A datação a partir dos manuscritos de Qumran
A partir dos estudos que o especialista Shemarjahu Talmon, da Universidade Hebraica de Jerusalém, realizou sobre os célebres “Escritos dos Mar Morto” ou de Qumran, publicados já em 1958, outro estudioso, Antonio Ammassari, conseguiu determinar, em 1992, quais eram as datas do célebre “turno de Abias”, de que Zacarias, pai de João Baptista, fazia parte (Lc 1,5): os sacerdotes deste grupo encontravam-se ao serviço do Templo de Jerusalém de 8 a 14 do terceiro mês do calendário, e de 24 a 30 do oitavo mês. Ora, de acordo com o calendário solar (usado no tempo de Jesus pelos essénios de Qumran), este segundo tempo de serviço sacerdotal correspondia aos últimos dez dias do nosso mês de Setembro. Assim, é perfeitamente possível que a festa oriental do anúncio a Zacarias (23 de Setembro) não seja uma mera celebração “litúrgica” ou “teológica”, mas o fruto de uma memória que as primeiras comunidades cristãs tinham ciosamente guardado, e depois festejaram liturgicamente. Assim sendo, o Anúncio feito à Virgem Maria, que S. Lucas coloca no sexto mês posterior à conceção do Baptista (Lc 1,26) teria efetivamente ocorrido a 25 de março; o nascimento de S. João ter-se-ia dado muito plausivelmente a 24 de junho, e o de Jesus, a 25 de dezembro.
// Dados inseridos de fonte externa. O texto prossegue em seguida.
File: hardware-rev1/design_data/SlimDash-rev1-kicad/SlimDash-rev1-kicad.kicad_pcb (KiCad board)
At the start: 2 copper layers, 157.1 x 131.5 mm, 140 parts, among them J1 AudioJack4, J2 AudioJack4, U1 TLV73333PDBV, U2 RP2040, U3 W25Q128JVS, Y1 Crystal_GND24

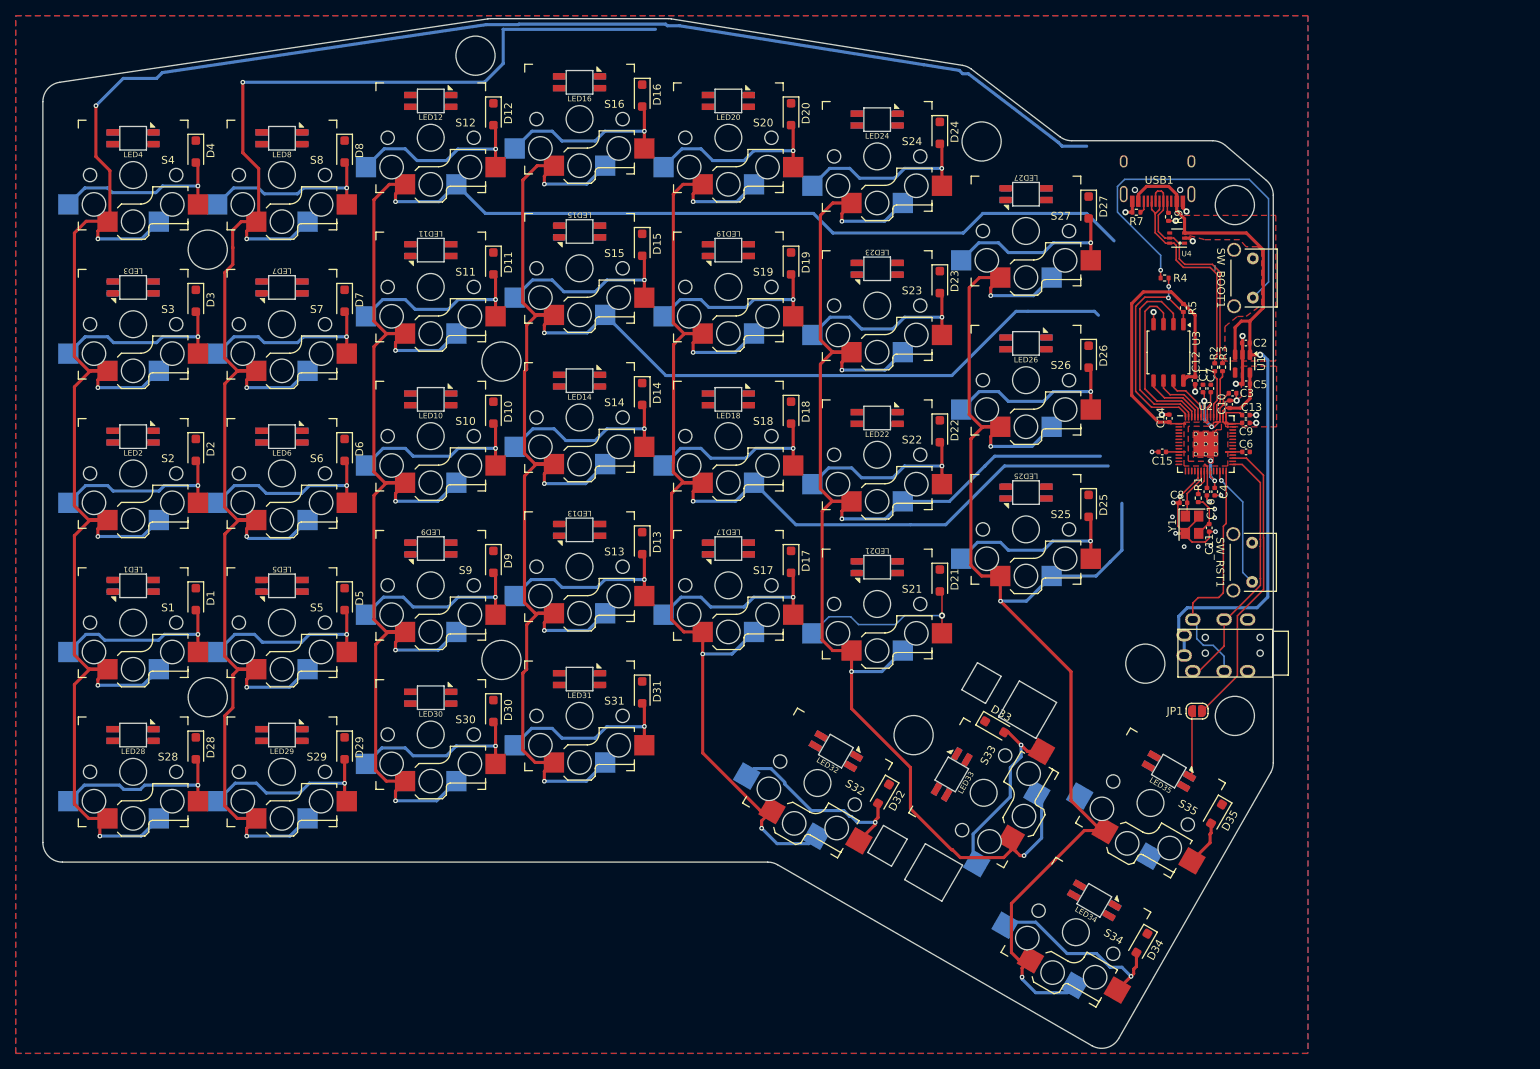
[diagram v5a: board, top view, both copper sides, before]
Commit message: more routing and fixing footprints
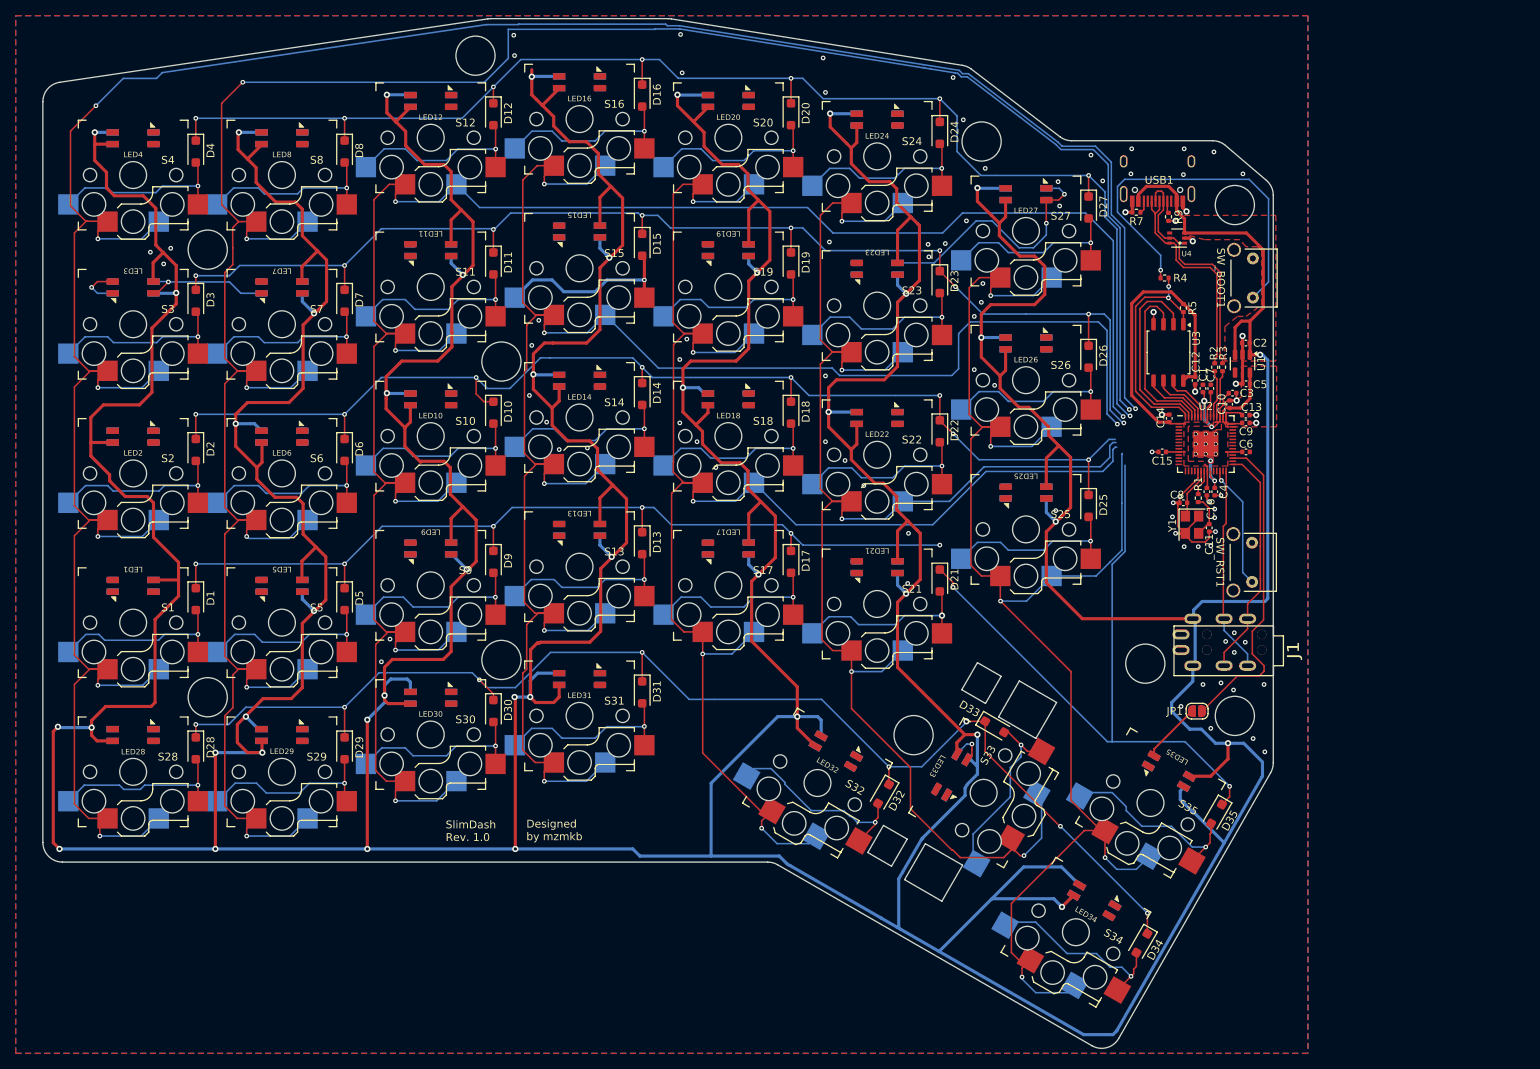
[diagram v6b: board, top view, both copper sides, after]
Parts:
- J1, J2: footprint Keebio-Parts:TRRS-PJ-320A -> mzm_misc:TRRS_jack
- moved J2 2.40 mm to (195.6, 99.5)
- moved J1 1.60 mm to (195.6, 105.5)
- turned LED27 to 0 degrees
- turned LED33 to -120 degrees
- turned LED35 to 150 degrees
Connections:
- LED1 pad 1: Net-(LED1-DOUT) -> +5V
- LED1 pad 2: GND -> Net-(LED1-DOUT)
- LED1 pad 3: Net-(LED1-DIN) -> GND
- LED1 pad 4: +5V -> Net-(LED1-DIN)
- LED10 pad 1: Net-(LED10-DOUT) -> +5V
- LED10 pad 2: GND -> Net-(LED10-DOUT)
- LED10 pad 3: Net-(LED10-DIN) -> GND
- LED10 pad 4: +5V -> Net-(LED10-DIN)
- LED11 pad 1: Net-(LED11-DOUT) -> +5V
- LED11 pad 2: GND -> Net-(LED11-DOUT)
- LED11 pad 3: Net-(LED11-DIN) -> GND
- LED11 pad 4: +5V -> Net-(LED11-DIN)
- LED12 pad 1: Net-(LED12-DOUT) -> +5V
- LED12 pad 2: GND -> Net-(LED12-DOUT)
- LED12 pad 3: Net-(LED12-DIN) -> GND
- LED12 pad 4: +5V -> Net-(LED12-DIN)
- LED13 pad 1: Net-(LED13-DOUT) -> +5V
- LED13 pad 2: GND -> Net-(LED13-DOUT)
- LED13 pad 3: Net-(LED13-DIN) -> GND
- LED13 pad 4: +5V -> Net-(LED13-DIN)
- LED14 pad 1: Net-(LED10-DIN) -> +5V
- LED14 pad 2: GND -> Net-(LED10-DIN)
- LED14 pad 3: Net-(LED14-DIN) -> GND
- LED14 pad 4: +5V -> Net-(LED14-DIN)
- LED15 pad 1: Net-(LED15-DOUT) -> +5V
- LED15 pad 2: GND -> Net-(LED15-DOUT)
- LED15 pad 3: Net-(LED11-DOUT) -> GND
- LED15 pad 4: +5V -> Net-(LED11-DOUT)
- LED16 pad 1: Net-(LED12-DIN) -> +5V
- LED16 pad 2: GND -> Net-(LED12-DIN)
- LED16 pad 3: Net-(LED16-DIN) -> GND
- LED16 pad 4: +5V -> Net-(LED16-DIN)
- LED17 pad 1: Net-(LED17-DOUT) -> +5V
- LED17 pad 2: GND -> Net-(LED17-DOUT)
- LED17 pad 3: Net-(LED13-DOUT) -> GND
- LED17 pad 4: +5V -> Net-(LED13-DOUT)
- LED18 pad 1: Net-(LED14-DIN) -> +5V
- LED18 pad 2: GND -> Net-(LED14-DIN)
- LED18 pad 3: Net-(LED18-DIN) -> GND
- LED18 pad 4: +5V -> Net-(LED18-DIN)
- LED19 pad 1: Net-(LED19-DOUT) -> +5V
- LED19 pad 2: GND -> Net-(LED19-DOUT)
- LED19 pad 3: Net-(LED15-DOUT) -> GND
- LED19 pad 4: +5V -> Net-(LED15-DOUT)
- LED2 pad 1: Net-(LED2-DOUT) -> +5V
- LED2 pad 2: GND -> Net-(LED2-DOUT)
- LED2 pad 3: Net-(LED2-DIN) -> GND
- LED2 pad 4: +5V -> Net-(LED2-DIN)
- LED20 pad 1: Net-(LED16-DIN) -> +5V
- LED20 pad 2: GND -> Net-(LED16-DIN)
- LED20 pad 3: Net-(LED20-DIN) -> GND
- LED20 pad 4: +5V -> Net-(LED20-DIN)
- LED21 pad 1: Net-(LED21-DOUT) -> +5V
- LED21 pad 2: GND -> Net-(LED21-DOUT)
- LED21 pad 3: Net-(LED17-DOUT) -> GND
- LED21 pad 4: +5V -> Net-(LED17-DOUT)
- LED22 pad 1: Net-(LED18-DIN) -> +5V
- LED22 pad 2: GND -> Net-(LED18-DIN)
- LED22 pad 3: Net-(LED22-DIN) -> GND
- LED22 pad 4: +5V -> Net-(LED22-DIN)
- LED23 pad 1: Net-(LED23-DOUT) -> +5V
- LED23 pad 2: GND -> Net-(LED23-DOUT)
- LED23 pad 3: Net-(LED19-DOUT) -> GND
- LED23 pad 4: +5V -> Net-(LED19-DOUT)
- LED24 pad 1: Net-(LED20-DIN) -> +5V
- LED24 pad 2: GND -> Net-(LED20-DIN)
- LED24 pad 3: Net-(LED24-DIN) -> GND
- LED24 pad 4: +5V -> Net-(LED24-DIN)
- LED25 pad 1: Net-(LED25-DOUT) -> +5V
- LED25 pad 2: GND -> Net-(LED25-DOUT)
- LED25 pad 3: Net-(LED21-DOUT) -> GND
- LED25 pad 4: +5V -> Net-(LED21-DOUT)
- LED26 pad 1: Net-(LED22-DIN) -> +5V
- LED26 pad 2: GND -> Net-(LED22-DIN)
- LED26 pad 3: Net-(LED25-DOUT) -> GND
- LED26 pad 4: +5V -> Net-(LED25-DOUT)
- LED27 pad 1: Net-(LED24-DIN) -> +5V
- LED27 pad 2: GND -> Net-(LED24-DIN)
- LED27 pad 3: Net-(LED23-DOUT) -> GND
- LED27 pad 4: +5V -> Net-(LED23-DOUT)
- LED28 pad 1: Net-(LED1-DIN) -> +5V
- LED28 pad 2: GND -> Net-(LED1-DIN)
- LED28 pad 3: Net-(LED28-DIN) -> GND
- LED28 pad 4: +5V -> Net-(LED28-DIN)
- LED29 pad 1: Net-(LED28-DIN) -> +5V
- LED29 pad 2: GND -> Net-(LED28-DIN)
- LED29 pad 3: Net-(LED29-DIN) -> GND
- LED29 pad 4: +5V -> Net-(LED29-DIN)
- LED3 pad 1: Net-(LED3-DOUT) -> +5V
- LED3 pad 2: GND -> Net-(LED3-DOUT)
- LED3 pad 3: Net-(LED2-DOUT) -> GND
- LED3 pad 4: +5V -> Net-(LED2-DOUT)
- LED30 pad 1: Net-(LED29-DIN) -> +5V
- LED30 pad 2: GND -> Net-(LED29-DIN)
- LED30 pad 3: Net-(LED30-DIN) -> GND
- LED30 pad 4: +5V -> Net-(LED30-DIN)
- LED31 pad 1: Net-(LED30-DIN) -> +5V
- LED31 pad 2: GND -> Net-(LED30-DIN)
- LED31 pad 3: Net-(LED31-DIN) -> GND
- LED31 pad 4: +5V -> Net-(LED31-DIN)
- LED32 pad 1: Net-(LED31-DIN) -> +5V
- LED32 pad 2: GND -> Net-(LED31-DIN)
- LED32 pad 3: Net-(LED32-DIN) -> GND
- LED32 pad 4: +5V -> Net-(LED32-DIN)
- LED33 pad 1: Net-(LED32-DIN) -> +5V
- LED33 pad 2: GND -> Net-(LED32-DIN)
- LED33 pad 3: Net-(LED33-DIN) -> GND
- LED33 pad 4: +5V -> Net-(LED33-DIN)
- LED34 pad 1: Net-(LED33-DIN) -> +5V
- LED34 pad 2: GND -> Net-(LED33-DIN)
- LED34 pad 3: Net-(LED34-DIN) -> GND
- LED34 pad 4: +5V -> Net-(LED34-DIN)
- LED35 pad 1: Net-(LED34-DIN) -> +5V
- LED35 pad 2: GND -> Net-(LED34-DIN)
- LED35 pad 3: Net-(JP1-B) -> GND
- LED35 pad 4: +5V -> Net-(JP1-B)
- LED4 pad 1: unconnected-(LED4-DOUT-Pad1)_1 -> +5V
- LED4 pad 2: GND -> unconnected-(LED4-DOUT-Pad2)_1
- LED4 pad 3: Net-(LED4-DIN) -> GND
- LED4 pad 4: +5V -> Net-(LED4-DIN)
- LED5 pad 1: Net-(LED5-DOUT) -> +5V
- LED5 pad 2: GND -> Net-(LED5-DOUT)
- LED5 pad 3: Net-(LED1-DOUT) -> GND
- LED5 pad 4: +5V -> Net-(LED1-DOUT)
- LED6 pad 1: Net-(LED2-DIN) -> +5V
- LED6 pad 2: GND -> Net-(LED2-DIN)
- LED6 pad 3: Net-(LED10-DOUT) -> GND
- LED6 pad 4: +5V -> Net-(LED10-DOUT)
- LED7 pad 1: Net-(LED11-DIN) -> +5V
- LED7 pad 2: GND -> Net-(LED11-DIN)
- LED7 pad 3: Net-(LED3-DOUT) -> GND
- LED7 pad 4: +5V -> Net-(LED3-DOUT)
- LED8 pad 1: Net-(LED4-DIN) -> +5V
- LED8 pad 2: GND -> Net-(LED4-DIN)
- LED8 pad 3: Net-(LED12-DOUT) -> GND
- LED8 pad 4: +5V -> Net-(LED12-DOUT)
- LED9 pad 1: Net-(LED13-DIN) -> +5V
- LED9 pad 2: GND -> Net-(LED13-DIN)
- LED9 pad 3: Net-(LED5-DOUT) -> GND
- LED9 pad 4: +5V -> Net-(LED5-DOUT)
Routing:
- net +5V: track 93.2 -> 1443.5 mm, vias 1 -> 43
- net ROW3: track 0.32 -> 202.6 mm, vias 0 -> 8
- net ROW0: track 0.00 -> 179.0 mm, vias 0 -> 8
- net ROW4: track 0.00 -> 165.3 mm, vias 0 -> 8
- net ROW1: track 0.00 -> 158.7 mm, vias 0 -> 9
- net ROW2: track 0.00 -> 150.5 mm, vias 0 -> 8
- net COL1: track 235.8 -> 332.1 mm, vias 6 -> 7
- net COL0: track 307.4 -> 346.0 mm, vias 6 -> 7
- net Net-(LED23-DOUT): track 0.00 -> 33.1 mm, vias 0 -> 2
- net COL2: track 246.9 -> 269.8 mm, vias 5 -> 6
- net GND: track 43.3 -> 65.8 mm, vias 25 -> 89
- net Net-(D35-A): track 5.78 -> 25.2 mm, vias 0 -> 1
- net Net-(LED3-DOUT): track 0.00 -> 17.1 mm, vias 0 -> 1
- net COL6: track 171.7 -> 188.5 mm, vias 4 -> 5
- net COL3: track 227.5 -> 243.4 mm, vias 5 -> 6
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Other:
- board text added: "Designed by mzmkb"
- board text added: "SlimDash Rev. 1.0"

Deste modo, ao contrário do que se pensa, a celebração do Natal do Senhor é a memória de uma data histórica, festejada pelos primeiros cristãos desde os primórdios do cristianismo.
 
Com efeito, de acordo com o investigador, biblista e teólogo italiano, Tommaso Federici, “devemos tomar a sério, ao contrário do que habitualmente se faz, a incrível memória das comunidades cristãs no que toca aos acontecimentos evangélicos e aos lugares onde os mesmos tiveram lugar”. Desta forma, os achados arqueológicos em Nazaré e em Belém conduzem à confirmação dos dados evangélicos e à certeza da localização dos acontecimentos.
 
O mesmo devemos, portanto, afirmar dos dados cronológicos: “as Igrejas – afirma aquele estudioso – conservaram ininterruptamente a memória dos acontecimentos, e quando os celebraram liturgicamente não fizeram mais que sancionar um uso imemorial da devoção popular”. Por isso mesmo, as grandes festas do Senhor e da Virgem Maria são praticamente todas provenientes da Palestina, tendo depois sido aceites nas comunidades espalhadas um pouco por todo o Império Romano, não sem que antes se fizessem prévias verificações sobre a sua verdade. Devemos, aliás, reconhecer, afirma Tommaso Federici, que “os nossos antepassados na fé não acreditavam logo em tudo os que se lhes dizia, mas eram, pelo contrário, justamente desconfiados, recusando várias vezes qualquer tentativa ilícita e ilegítima de culto não provado”.

O primeiro atestado do Natal está contido no calendário mais antigo da Igreja de Roma, o Cronógrafo Romano, de 354: «No dia 25 de dezembro, Cristo nasceu em Belém da Judeia.»